Responso o lamento, o mejor elegía, presupone que la poesía sirve para hablar frente y contra a la muerte (la posición no es la misma: Tránsito de Octavio Paz está escrito frente mientras que Recuerdos de Coyoacán contra). Leer es parte sustancial de ese estar frente o contra, ya que es allí donde mejor se escenifica el diálogo con los muertos: mientras te lea no me alcanzará la muerte, ni a ti tampoco. Me parece que en la lectura de ambos poemas hay algo evidente: a Castañón le costó mucho escribirlos, pero no podía dejar de hacerlo. Son textos de dolorosa y estremecida circunstancia, en la que el poeta cuida su forma, hace alarde incluso de su oficio, con plena conciencia de que busca algo transparente, fluido. No hay ninguna opacidad en el texto, sino guiños al lector al que presupone otro contertulio, y al que invita a participar en ese caminar por las páginas y la vida.

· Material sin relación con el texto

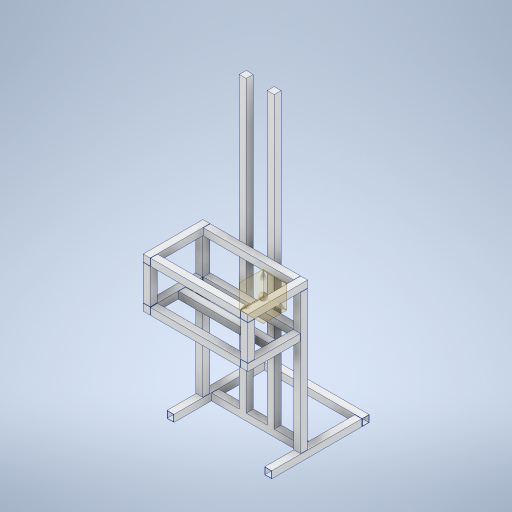
# Autodesk Inventor part: Новый каркас
Saved by Autodesk Inventor 2023 (Build 270158000, 158)
## iProperties
Created: 2022-04-27
Part Number: Новый каркас
Material: Алюминий 6061
Document SubType Name: Modeling
Designer: avkap
Density: 2.7 g/cm^3
Appearance: Алюминий — плоский
Mass: 63771.5 g
Surface Area: 27844 cm^2
Volume: 23619.1 cm^3
Author: avkap
Autodesk Inventor part; units mm, degrees
ref_plane "YZ Plane" through (0, 0, 0) normal (1, 0, 0) x (0, 1, 0)
ref_plane "XZ Plane" through (0, 0, 0) normal (0, 1, 0) x (-1, 0, 0)
ref_plane "XY Plane" through (0, 0, 0) normal (0, 0, 1) x (1, 0, 0)
sketch "Эскиз1" plane through (0, 0, 0) normal (0, 1, 0) x (-1, 0, 0)
  line L0 (-600, 0) -> (-600, -300)
  line L1 (-600, -300) -> (0, -300)
  line L2 (0, -300) -> (0, -42)
  line L3 (-600, 0) -> (-600, -40)
  line L4 (0, -300) -> (0, -260)
  line L5 (0, -260) -> (-600, -260)
  line L6 (-600, -40) -> (-600, -42)
  line L7 (-600, -42) -> (-560, -42)
  line L8 (-560, -42) -> (-560, -208)
  line L9 (0, -42) -> (-40, -42)
  line L10 (-40, -42) -> (-40, -258)
  line L11 (-40, -258) -> (0, -258)
  line L12 (-560, -208) -> (-560, -258)
  line L13 (-560, -258) -> (-600, -258)
  point P0 (0, 0)
  point P1 (-600, -208)
  dimension "d0" = 600
  dimension "d1" = 300
  dimension "d3" = 40
  dimension "d4" = 2
  dimension "d5" = 40
  dimension "d7" = 40
  dimension "d69" = 216
  constraints: 28 end point, 10 point on line, 4 perpendicular, 2 parallel
  measures "d0" distance of L1.end L0.end
  measures "d1" distance of L0.end L0.start
  measures "d3" distance of L1.end L4.end
  measures "d4" distance of L3.end L6.end
  measures "d5" distance of L6.end L7.end
  measures "d7" distance of L2.end L9.end
  measures "d69" distance of L9.end L10.end
ref_plane "РабПлоскость2" through (0, 860, 0) normal (0, 1, 0) x (1, 0, 0)
ref_plane "РабПлоскость6" through (0, 0, 0) normal (0, -1, 0) x (1, 0, 0)
sketch "Эскиз5" plane through (0, 0, 0) normal (0, -1, 0) x (1, 0, 0)
  line L0 (0, 0) -> (40, 0) projected
  line L1 (0, 0) -> (300, 0)
  line L2 (300, 0) -> (300, 2)
  line L3 (300, 2) -> (280, 2)
  line L4 (320, 2) -> (300, 2)
  line L5 (300, 2) -> (200, 2)
  line L6 (200, 2) -> (200, 4)
  line L7 (200, 4) -> (400, 4)
  line L8 (200, 4) -> (240, 4)
  line L9 (240, 4) -> (240, 44)
  line L10 (240, 44) -> (200, 44)
  line L11 (200, 44) -> (200, 4)
  line L12 (400, 4) -> (360, 4)
  line L13 (360, 4) -> (360, 44)
  line L14 (360, 44) -> (400, 44)
  line L15 (400, 44) -> (400, 4)
  dimension "d19" = 300
  dimension "d20" = 2
  dimension "d146" = 100
  dimension "d147" = 2
  dimension "d148" = 200
  dimension "d149" = 40
  dimension "d150" = 40
  dimension "d151" = 40
  dimension "d152" = 40
  constraints: 30 end point, 4 parallel, 4 perpendicular, 2 collinear, 2 horizontal, 2 point on line, 2 vertical
  measures "d19" distance of L0.start L1.end
  measures "d20" distance of L1.end L2.end
  measures "d146" distance of L2.end L5.end
  measures "d147" distance of L5.end L6.end
  measures "d148" distance of L6.end L7.end
  measures "d149" distance of L10.end L9.end
  measures "d150" distance of L9.end L8.end
  measures "d151" distance of L13.end L14.end
  measures "d152" distance of L12.end L13.end
extrude "Выдавливание10" add sketch "Эскиз1" along normal blind 40
extrude "Выдавливание20" add sketch "Эскиз5" against normal blind 1700
ref_plane "РабПлоскость16" through (200, 900, 44) normal (0, 0, 1) x (1, 0, 0)
sketch "Эскиз19" plane through (200, 900, 44) normal (0, 0, 1) x (1, 0, 0)
  line L0 (0, -900) -> (0, 800) projected
  line L1 (0, 800) -> (200, 800)
  line L2 (200, 800) -> (200, 600)
  line L3 (200, 600) -> (0, 600)
  line L4 (0, 600) -> (0, 800)
  line L5 (100, 600) -> (100, 800)
  line L6 (100, 600) -> (100, 700)
  line L7 (100, 700) -> (100, 692.5)
  line L8 (100, 692.5) -> (100, 709.5)
  circle A0 centre (100, 709.5) radius 2
  circle A1 centre (100, 692.5) radius 2
  line L9 (40, 800) -> (0, 800) projected
  line L10 (20, 800) -> (20, 600)
  line L11 (160, 800) -> (200, 800) projected
  line L12 (180, 800) -> (180, 600)
  line L13 (180, 600) -> (180, 620)
  line L14 (180, 620) -> (20, 620)
  line L15 (40, 800) -> (20, 800)
  line L16 (20, 800) -> (20, 780)
  line L17 (20, 780) -> (40, 780)
  line L18 (40, 780) -> (40, 800)
  line L19 (40, 780) -> (200, 780)
  circle A2 centre (20, 780) radius 3
  circle A3 centre (20, 620) radius 3
  circle A4 centre (180, 780) radius 3
  circle A5 centre (180, 620) radius 3
  point P0 (-200, -900)
  dimension "d156" = 200
  dimension "d157" = 200
  dimension "d266" = 100
  dimension "d267" = 7.5
  dimension "d268" = 17
  dimension "d269" = 4
  dimension "d270" = 4
  dimension "d271" = 20
  dimension "d272" = 20
  dimension "d273" = 20
  dimension "d274" = 6
  dimension "d275" = 6
  dimension "d276" = 6
  dimension "d277" = 6
  constraints: 34 end point, 9 point on line, 6 centre point, 5 coincident, 5 midpoint, 4 parallel, 3 horizontal, 3 perpendicular
  measures "d156" distance of L2.end L3.end
  measures "d157" distance of L1.end L2.end
  measures "d266" distance of L5.start L6.end
  measures "d267" distance of L6.end L7.end
  measures "d268" distance of L7.end L8.end
  measures "d269" diameter of A0
  measures "d270" diameter of A1
  measures "d271" distance of L12.end L13.end
  measures "d272" distance of L17.end L16.end
  measures "d273" distance of L16.end L15.end
  measures "d274" diameter of A2
  measures "d275" diameter of A3
  measures "d276" diameter of A4
  measures "d277" diameter of A5
extrude "Выдавливание21" [suppressed]
sketch "Эскиз23" plane through (560, 0, -42) normal (0, 0, 1) x (1, 0, 0)
  line L0 (-520, 0) -> (-520, 40) projected
  line L1 (-520, 0) -> (-560, 0)
  line L2 (-560, 0) -> (-560, 40)
  line L3 (-560, 40) -> (-520, 40)
  line L4 (-520, 40) -> (-520, 0)
  line L5 (40, 0) -> (40, 40) projected
  line L6 (40, 0) -> (0, 0)
  line L7 (0, 0) -> (0, 40)
  line L8 (0, 40) -> (40, 40)
  line L9 (40, 40) -> (40, 0)
  constraints: 16 end point, 4 parallel, 2 horizontal, 2 perpendicular
extrude "Выдавливание25" add sketch "Эскиз23" along normal blind 300
ref_plane "РабПлоскость12" through (42, 0, -258) normal (1, 0, 0) x (0, 0, -1)
sketch "Эскиз26" plane through (42, 0, -258) normal (1, 0, 0) x (0, 0, -1)
  line L0 (-302, 40) -> (-262, 40)
  line L1 (-262, 40) -> (-262, 0)
  line L2 (-262, 0) -> (-302, 0)
  line L3 (-302, 0) -> (-302, 40)
  line L4 (-262, 0) -> (0, 0)
  line L5 (0, 0) -> (0, 40) projected
  line L6 (0, 0) -> (0, 40)
  line L7 (-302, 0) -> (-302, 1700) projected
  point P0 (-258, 0)
  point P1 (-302, 1500)
  dimension "d189" = 40
  dimension "d302" = 262
  constraints: 12 end point, 2 horizontal, 2 parallel, 2 perpendicular
  measures "d189" distance of L1.end L2.end
  measures "d302" distance of L1.end L4.end
extrude "Выдавливание26" add sketch "Эскиз26" along normal blind 516
ref_plane "РабПлоскость22" through (0, 600, 0) normal (0, -1, 0) x (1, 0, 0)
ref_plane "РабПлоскость15" through (0, 42, 0) normal (0, 1, 0) x (1, 0, 0)
sketch "Эскиз30" plane through (0, 42, 0) normal (0, 1, 0) x (1, 0, 0)
  line L0 (40, 258) -> (40, -258) projected
  line L1 (40, -52.0658) -> (0, -52.0658)
  line L2 (0, -52.0658) -> (0, -92.0658)
  line L3 (0, -92.0658) -> (40, -92.0658)
  line L4 (40, -92.0658) -> (40, -52.0658)
  line L5 (560, 258) -> (560, -258) projected
  line L6 (560, -52.0658) -> (600, -52.0658)
  line L7 (600, -52.0658) -> (600, -92.0658)
  line L8 (600, -92.0658) -> (560, -92.0658)
  line L9 (560, -92.0658) -> (560, -52.0658)
  point P0 (0, 0)
  dimension "d217" = 40
  dimension "d218" = 40
  constraints: 16 end point, 4 parallel, 4 point on line, 2 horizontal, 2 perpendicular
  measures "d217" distance of L3.end L2.end
  measures "d218" distance of L2.end L1.end
extrude "Выдавливание28" add sketch "Эскиз30" along normal blind 800
ref_plane "РабПлоскость18" through (0, 844, 0) normal (0, 1, 0) x (1, 0, 0)
ref_plane "РабПлоскость21" through (42, 600, 294) normal (1, 0, 0) x (0, 0, -1)
sketch "Эскиз40" plane through (42, 600, 294) normal (1, 0, 0) x (0, 0, -1)
  line L0 (200, 40) -> (200, 0)
  line L1 (60, 40) -> (100, 40)
  line L2 (100, 40) -> (100, 0)
  line L3 (100, 0) -> (60, 0)
  line L4 (60, 0) -> (60, 40)
  line L5 (100, 0) -> (200, 0)
  line L6 (201.9342, -558) -> (201.9342, 242) projected
  point P0 (294, -600)
  dimension "d297" = 40
  dimension "d298" = 40
  dimension "d326" = 100
  constraints: 12 end point, 2 parallel, 2 perpendicular, 1 horizontal
  measures "d297" distance of L2.end L3.end
  measures "d298" distance of L1.end L2.end
  measures "d326" distance of L2.end L0.end
extrude "Выдавливание36" add sketch "Эскиз40" along normal blind 516
sketch "Эскиз41" plane through (0, 600, 0) normal (0, -1, 0) x (1, 0, 0)
  line L0 (560, 92.0658) -> (600, 92.0658) projected
  line L1 (0, 92.0658) -> (40, 92.0658) projected
  line L2 (600, 92.0658) -> (600, 94.0658)
  line L3 (600, 94.0658) -> (560, 94.0658)
  line L4 (560, 94.0658) -> (560, 394.0658)
  line L5 (560, 394.0658) -> (600, 394.0658)
  line L6 (600, 394.0658) -> (600, 94.0658)
  line L7 (0, 92.0658) -> (40, 92.0658)
  line L8 (0, 92.0658) -> (0, 94.0658)
  line L9 (0, 94.0658) -> (40, 94.0658)
  line L10 (40, 94.0658) -> (40, 394.0658)
  line L11 (40, 394.0658) -> (0, 394.0658)
  line L12 (0, 394.0658) -> (0, 94.0658)
  line L13 (40, 394.0658) -> (42, 394.0658)
  line L14 (42, 394.0658) -> (42, 354.0658)
  line L15 (560, 394.0658) -> (558, 394.0658)
  line L16 (558, 394.0658) -> (558, 354.0658)
  line L17 (558, 354.0658) -> (42, 354.0658)
  line L18 (42, 394.0658) -> (558, 394.0658)
  point P0 (0, 0)
  point P1 (560, 294)
  dimension "d304" = 2
  dimension "d305" = 40
  dimension "d306" = 300
  dimension "d308" = 2
  dimension "d309" = 300
  dimension "d310" = 2
  dimension "d311" = 40
  dimension "d312" = 2
  dimension "d313" = 40
  constraints: 34 end point, 11 perpendicular, 2 point on line, 2 vertical, 1 horizontal
  measures "d304" distance of L0.end L2.end
  measures "d305" distance of L2.end L3.end
  measures "d306" distance of L3.end L4.end
  measures "d308" distance of L1.start L8.end
  measures "d309" distance of L9.end L10.end
  measures "d310" distance of L10.end L13.end
  measures "d311" distance of L13.end L14.end
  measures "d312" distance of L4.end L15.end
  measures "d313" distance of L15.end L16.end
extrude "Выдавливание37" add sketch "Эскиз41" against normal blind 40
ref_plane "РабПлоскость23" through (0, 642, 0) normal (0, 1, 0) x (1, 0, 0)
sketch "Эскиз42" plane through (0, 642, 0) normal (0, 1, 0) x (1, 0, 0)
  line L0 (0, -394.0658) -> (40, -394.0658) projected
  line L1 (0, -394.0658) -> (40, -394.0658)
  line L2 (40, -394.0658) -> (40, -354.0658)
  line L3 (40, -354.0658) -> (0, -354.0658)
  line L4 (0, -354.0658) -> (0, -394.0658)
  line L5 (600, -394.0658) -> (560, -394.0658) projected
  line L6 (560, -394.0658) -> (600, -394.0658)
  line L7 (600, -394.0658) -> (600, -354.0658)
  line L8 (600, -354.0658) -> (560, -354.0658)
  line L9 (560, -354.0658) -> (560, -394.0658)
  point P0 (0, 0)
  dimension "d317" = 40
  dimension "d318" = 40
  dimension "d319" = 40
  dimension "d320" = 40
  constraints: 16 end point, 4 parallel, 2 horizontal, 2 perpendicular
  measures "d317" distance of L3.end L2.end
  measures "d318" distance of L2.end L1.end
  measures "d319" distance of L8.end L7.end
  measures "d320" distance of L7.end L6.end
extrude "Выдавливание38" add sketch "Эскиз42" along normal blind 200
ref_plane "РабПлоскость24" through (42, 42, 92.0658) normal (1, 0, 0) x (0, 0, -1)
sketch "Эскиз43" plane through (42, 42, 92.0658) normal (1, 0, 0) x (0, 0, -1)
  line L0 (-302, 558) -> (-2, 558) projected
  line L1 (-2, 558) -> (40, 558)
  line L2 (40, 0) -> (40, 800) projected
  line L3 (-2, 558) -> (-2, 598) projected
  line L4 (-2, 598) -> (40, 598)
  line L5 (0, 0) -> (0, 800) projected
  line L6 (40, 598) -> (0, 598)
  line L7 (0, 598) -> (0, 558)
  line L8 (0, 558) -> (40, 558)
  line L9 (40, 558) -> (40, 598)
  point P0 (92.0658, -42)
  constraints: 12 end point, 3 horizontal, 3 point on line, 2 parallel, 1 perpendicular
extrude "Выдавливание39" add sketch "Эскиз43" along normal blind 517 contours L5 L4 L2 L1
ref_plane "РабПлоскость25" through (0, 844, 0) normal (0, 1, 0) x (1, 0, 0)
sketch "Эскиз44" plane through (0, 844, 0) normal (0, 1, 0) x (1, 0, 0)
  line L0 (0, -52.0658) -> (0, -92.0658) projected
  line L1 (0, -52.0658) -> (40, -52.0658)
  line L2 (40, -52.0658) -> (40, -394.0658)
  line L3 (40, -394.0658) -> (0, -394.0658)
  line L4 (0, -394.0658) -> (0, -52.0658)
  line L5 (42, -354.0658) -> (42, -394.0658) projected
  line L6 (42, -394.0658) -> (558, -394.0658)
  line L7 (558, -394.0658) -> (558, -354.0658)
  line L8 (558, -354.0658) -> (42, -354.0658)
  line L9 (42, -354.0658) -> (42, -394.0658)
  line L10 (560, -94.0658) -> (560, -394.0658) projected
  line L11 (600, -92.0658) -> (600, -52.0658) projected
  line L12 (560, -394.0658) -> (600, -394.0658)
  line L13 (600, -394.0658) -> (600, -52.0658)
  line L14 (600, -52.0658) -> (560, -52.0658)
  line L15 (560, -52.0658) -> (560, -394.0658)
  line L16 (559, -92.0658) -> (559, -52.0658) projected
  line L17 (559, -52.0658) -> (42, -52.0658)
  line L18 (42, -52.0658) -> (42, -92.0658)
  line L19 (42, -92.0658) -> (559, -92.0658)
  line L20 (559, -92.0658) -> (559, -52.0658)
  point P0 (0, 0)
  dimension "d346" = 40
  dimension "d347" = 342
  constraints: 32 end point, 8 parallel, 4 horizontal, 4 perpendicular, 1 point on line
  measures "d346" distance of L2.end L3.end
  measures "d347" distance of L1.end L2.end
extrude "Выдавливание40" add sketch "Эскиз44" along normal blind 40
sketch "Эскиз45" plane through (560, 0, 258) normal (0, 0, 1) x (1, 0, 0)
  line L0 (-520, 40) -> (-560, 40) projected
  line L1 (-560, 0) -> (-520, 0) projected
  line L2 (-520, 0) -> (-522, 0)
  line L3 (-522, 0) -> (-522, 2)
  line L4 (-560, 40) -> (-558, 40)
  line L5 (-558, 40) -> (-558, 38)
  line L6 (-558, 38) -> (-522, 38)
  line L7 (-522, 38) -> (-522, 2)
  line L8 (-522, 2) -> (-558, 2)
  line L9 (-558, 2) -> (-558, 38)
  line L10 (0, 0) -> (0, 40) projected
  line L11 (0, 40) -> (0, 38)
  line L12 (0, 38) -> (2, 38)
  line L13 (40, 0) -> (40, 2)
  line L14 (40, 0) -> (40, 40) projected
  line L15 (40, 2) -> (38, 2)
  line L16 (38, 2) -> (0, 2)
  line L17 (0, 2) -> (0, 38)
  line L18 (0, 38) -> (38, 38)
  line L19 (38, 38) -> (38, 2)
  line L20 (2, 38) -> (2, 2)
  point P0 (2, 38)
  point P1 (2, 38)
  dimension "d352" = 2
  dimension "d353" = 2
  dimension "d354" = 2
  dimension "d355" = 2
  dimension "d356" = 2
  dimension "d357" = 2
  dimension "d358" = 2
  dimension "d359" = 2
  constraints: 34 end point, 7 perpendicular, 5 point on line, 4 parallel, 2 horizontal
  measures "d352" distance of L1.end L2.end
  measures "d353" distance of L2.end L3.end
  measures "d354" distance of L0.end L4.end
  measures "d355" distance of L4.end L5.end
  measures "d356" distance of L10.end L11.end
  measures "d357" distance of L11.end L12.end
  measures "d358" distance of L13.start L13.end
  measures "d359" distance of L13.end L15.end
extrude "Выдавливание41" cut sketch "Эскиз45" against normal blind 518.75 contours L6 L7 L8 L9 | L20 L18 L19 L16
sketch "Эскиз46" plane through (600, 0, -260) normal (1, 0, 0) x (0, 0, -1)
  line L0 (0, 0) -> (0, 40) projected
  line L1 (0, 40) -> (2, 40)
  line L2 (2, 40) -> (2, 38)
  line L3 (2, 38) -> (0, 38)
  line L4 (0, 38) -> (0, 40)
  line L5 (2, 38) -> (38, 38)
  line L6 (38, 38) -> (38, 2)
  line L7 (38, 2) -> (2, 2)
  line L8 (2, 2) -> (2, 38)
  point P0 (-260, 0)
  dimension "d362" = 2
  dimension "d363" = 2
  dimension "d364" = 36
  dimension "d365" = 36
  constraints: 16 end point, 4 parallel, 2 horizontal, 2 perpendicular
  measures "d362" distance of L2.end L3.end
  measures "d363" distance of L1.end L2.end
  measures "d364" distance of L6.end L7.end
  measures "d365" distance of L5.end L6.end
extrude "Выдавливание42" cut sketch "Эскиз46" against normal blind 929.5 contours L5 L6 L7 L8

No deja de ser curioso que en la enorme cantidad de páginas que se escribieron a la muerte del poeta Castañón haya elegido una manera tan personal, ya que es la más difícil en la inmediatez de esa circunstancia, y la que más se presta a ser mal leída. Pero, insisto, hay algo de inevitable en su escritura, y si reflexionó verso a verso, palabra a palabra y sílaba a sílaba, también –paradójicamente– no se detuvo a pensar en nada sino en escribir el poema. En su devenir el texto mezcla tiempos, es presente y es memoria, es recuerdo y es futuro.
Quiero hacer una última mención al libro y a la estrategia mencionada al principio: ambos textos han tenido ya varias ediciones, en distintos lugares e incluso en distintos idiomas. Me parece que Castañón busca que su efecto catártico sea mayor al provocar una honda expansiva del poema, y que exhibe y multiplica su tristeza como una manera de curar. Cuando ya se sabía que el fin de la vida de Octavio Paz estaba cerca un tema de conversación entre escritores era la necesidad que algunos sintieron –y pocos cumplieron- de escribir sobre él antes de su muerte. Muchos, la mayoría, perdió el impulso cuando el antes se transformó en después. Si Castañón escribió desde el después es porque el antes se sustrajo al devenir, dejo de referirse al tiempo y se transformó en connotación de un espacio, al que sí se puede volver, de la misma manera que se “vuelve” a los paisajes de la infancia. Escribir es, entonces, conservar la inocencia, aquella en que la muerte no es aún posible.
Recuerdos de Coyoacán, Adolfo Castañón, Colección Ditoria, 1997
Tránsito de Octavio Paz (1914-1998), Adolfo Castañón, Secretaría de Cultura del Estado de Puebla, 1999.
Tránsito de Octavio Paz (1914-1998), seguido de Recuerdos de Coyoacán, Adolfo Castañón, prólogo de Soledad Álvarez, Ediciones Ferilibro, República Dominicana, 1999.
The passing of Octavio Paz (1914-1998), Adolfo Castañón, edición bilingüe, traducción de Beatriz Séller, Mosaic Press, Canadá, 2000.